Hi, I have read many posts and would be interested in retiree’s experiences.

About myself, I am 50 and my wife is 51. I am retired from the military collecting a current indexed pension of $35,000. I currently work for the public service, and have an approximate retirement date of 58. Reason for this date is my wife is a high school vice principle and doesn’t reach retirement until 59.

Our combined income exceeds $200,000 per year. Jobs are secure.


House $700,000 in Edmonton AB area
Mortgage finished next year
Starting March 2014, savings of $5,000/month, currently going to pay our mortgage off. No change to our lifestyle once in savings mode as we still spend freely and pay cash for all purchases. No debt otherwise.

Combined RRSP’s $120,000 mostly mine and maxed out.
My wife will have about 50,000 in available contribution room next year, after which we will fill tax free savings accounts and then move to dividend etf's to minimize taxes.

Pensions on retirement $50,000 each ($100,000 total) before tax, mostly fully indexed although my wifes will be slightly lower at 80%, and I will have better after tax net due to military benefits

Both have carry forward medical and dental benefits. I have double dental policies through a military retirement dental plan

I estimate our savings through the next 8 years to be $480,000. Investment returns…no idea but I plan on 4.5% related to my current portfolio as I am conservative and plan to keep that way.
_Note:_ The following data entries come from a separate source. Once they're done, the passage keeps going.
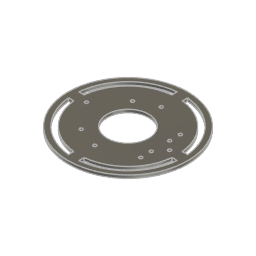
placa superior (Autodesk Fusion 360 design; units mm, degrees)
part number: 2026-06-22-13-42-12-689
Autodesk Fusion 360 part; units mm, degrees
note: some values were not read from the file. Set by a fixed rule: which sketch regions a step uses.
sketch "Boceto1" plane through (0, 0, 0) normal (0, 0, 1) x (1, 0, 0)
  circle A0 centre (0, 0) radius 57.5
  circle A1 centre (40, 0) radius 1.525
  circle A2 centre (-40, 0) radius 1.525
  circle A3 centre (0, -32) radius 1.525
  circle A4 centre (0, 32) radius 1.525
  dimension "d1" = 115
  dimension "d2" = 40
  dimension "d3" = 3.05
  dimension "d4" = 40
  dimension "d5" = 3.05
  dimension "d6" = 32
  dimension "d7" = 3.05
  dimension "d8" = 32
  dimension "d9" = 3.05
  constraint coincident A0.centre origin
  measures "d1" diameter of A0
  measures "d2" distance of A0.centre A1.centre
  measures "d3" diameter of A1
  measures "d4" distance of A0.centre A2.centre
  measures "d5" diameter of A2
  measures "d6" distance of A0.centre A3.centre
  measures "d7" diameter of A3
  measures "d8" distance of A0.centre A4.centre
  measures "d9" diameter of A4
extrude "Extruir1" add sketch "Boceto1" along normal blind 4
sketch "Boceto2" plane through (0, 0, 4) normal (0, 0, 1) x (-1, 0, 0)
  circle A0 centre (-40, 0) radius 1.525
  circle A1 centre (40, 0) radius 1.525
  circle A2 centre (0, -32) radius 1.525
  circle A3 centre (0, 32) radius 1.525
  circle A4 centre (0, 0) radius 57.5
  circle A5 centre (18.73, -23.1) radius 1.525
  circle A6 centre (-32.142, 19.9271) radius 1.525
  circle A7 centre (-32.142, -7.9554) radius 1.525
  circle A8 centre (-32.142, 9.758) radius 1.525
  circle A9 centre (-32.142, -18.182) radius 1.525
  circle A10 centre (20, 24.998) radius 1.525
  dimension "d19" = 3.05
  dimension "d20" = 3.05
  dimension "d21" = 3.05
  dimension "d32" = 27.94
  dimension "d33" = 3.05
  dimension "d35" = 3.05
  dimension "d43" = 3.05
  measures "d19" diameter of A5
  measures "d20" diameter of A6
  measures "d21" diameter of A7
  measures "d32" distance of A8.centre A9.centre
  measures "d33" diameter of A8
  measures "d35" diameter of A9
  measures "d43" diameter of A10
extrude "Extruir2" cut sketch "Boceto2" against normal blind 37 contours A5 | A6 | A7
extrude "Extruir3" cut 1 faces at (4.3667, -0.2928, 4) along direction (0, 0, -1) blind 1
sketch "Boceto3" plane through (0, 0, 3) normal (0, 0, 1) x (-1, 0, 0)
  circle A0 centre (0, 0) radius 57.5
  circle A1 centre (-40, 0) radius 1.525
  circle A2 centre (40, 0) radius 1.525
  circle A3 centre (0, 32) radius 1.525
  circle A4 centre (0, -32) radius 1.525
  circle A5 centre (18.73, -23.1) radius 1.525
  circle A6 centre (-32.142, 19.9271) radius 1.525
  circle A7 centre (-32.142, -7.9554) radius 1.525
  circle A8 centre (0, 0) radius 20
  dimension "d27" = 40
  constraint coincident A0.centre A8.centre
  measures "d27" diameter of A8
  measures "d43" diameter of A6.centre
extrude "Extruir4" cut sketch "Boceto3" against normal blind 5 contours A8
hole "Agujero1" at (32.142, -9.758, 4) at (32.142, 18.182, 4) direction (0, 0, -1) diameter 3 depth 10 tip angle 118
hole "Agujero2" at (-20, -24.998, 4) direction (0, 0, -1) diameter 3 depth 10 tip angle 118
sketch "Boceto4" plane through (0, 0, 3) normal (0, 0, 1) x (-1, 0, 0)
  circle A0 centre (-32.142, 9.758) radius 1.5
  circle A1 centre (-32.142, -18.182) radius 1.5
  circle A2 centre (-32.142, -7.9554) radius 1.525
  circle A3 centre (-32.142, 19.9271) radius 1.525
  circle A4 centre (18.73, -23.1) radius 1.525
  circle A5 centre (0, -32) radius 1.525
  circle A6 centre (0, 32) radius 1.525
  circle A7 centre (40, 0) radius 1.525
  circle A8 centre (-40, 0) radius 1.525
  circle A9 centre (0, 0) radius 57.5
  circle A10 centre (0, 0) radius 20
  circle A11 centre (20, 24.998) radius 1.5
  line L0 (5, -47.2361) -> (5, -52.2614)
  line L1 (-5, -47.2361) -> (-5, -52.2614)
  line L2 (5, 47.2361) -> (5, 52.2614)
  line L3 (-5, 47.2361) -> (-5, 52.2614)
  line L4 (52.2614, -5) -> (47.2361, -5)
  line L5 (-47.2361, -5) -> (-52.2614, -5)
  line L6 (52.2614, 5) -> (47.2361, 5)
  line L7 (-47.2361, 5) -> (-52.2614, 5)
  arc A12 (47.2361, 5) -> (5, 47.2361) centre (0, 0) ccw
  arc A13 (-5, 47.2361) -> (-47.2361, 5) centre (0, 0) ccw
  arc A14 (52.2614, 5) -> (5, 52.2614) centre (0, 0) ccw
  arc A15 (-5, 52.2614) -> (-52.2614, 5) centre (0, 0) ccw
  arc A16 (-47.2361, -5) -> (-5, -47.2361) centre (0, 0) ccw
  arc A17 (5, -47.2361) -> (47.2361, -5) centre (0, 0) ccw
  arc A18 (-52.2614, -5) -> (-5, -52.2614) centre (0, 0) ccw
  arc A19 (5, -52.2614) -> (52.2614, -5) centre (0, 0) ccw
  dimension "d47" = 105
  dimension "d48" = 95
  constraint concentric A9 A14
  constraint concentric A9 A12
  constraint coincident A9.centre A10.centre
  constraint collinear L4 L5
  constraint collinear L6 L7
  constraint concentric A12 A17
  constraint concentric A14 A19
  constraint concentric A12 A13
  constraint concentric A14 A15
  constraint concentric A16 A17
  constraint concentric A18 A19
  measures "d47" diameter of A14
  measures "d48" diameter of A12
extrude "Extruir5" cut sketch "Boceto4" against normal blind 5 contours L0 L4 A17 A19 | L1 L5 A16 A18 | L2 L6 A12 A14 | L3 L7 A13 A15

I invest mostly in Canadian dividend ETF’s and laddered government and corporate bonds with short durations, and retain 10% min cash for deployment when an opportunity presents itself.

My wife has not set a retirement date but I believe she will retire by 60 at latest. For myself, I may work an extra year if she does not retire until 60, dependant on my job satisfaction. I could retire with full benefits at 56 as I have worked for one employer since 18 YOA.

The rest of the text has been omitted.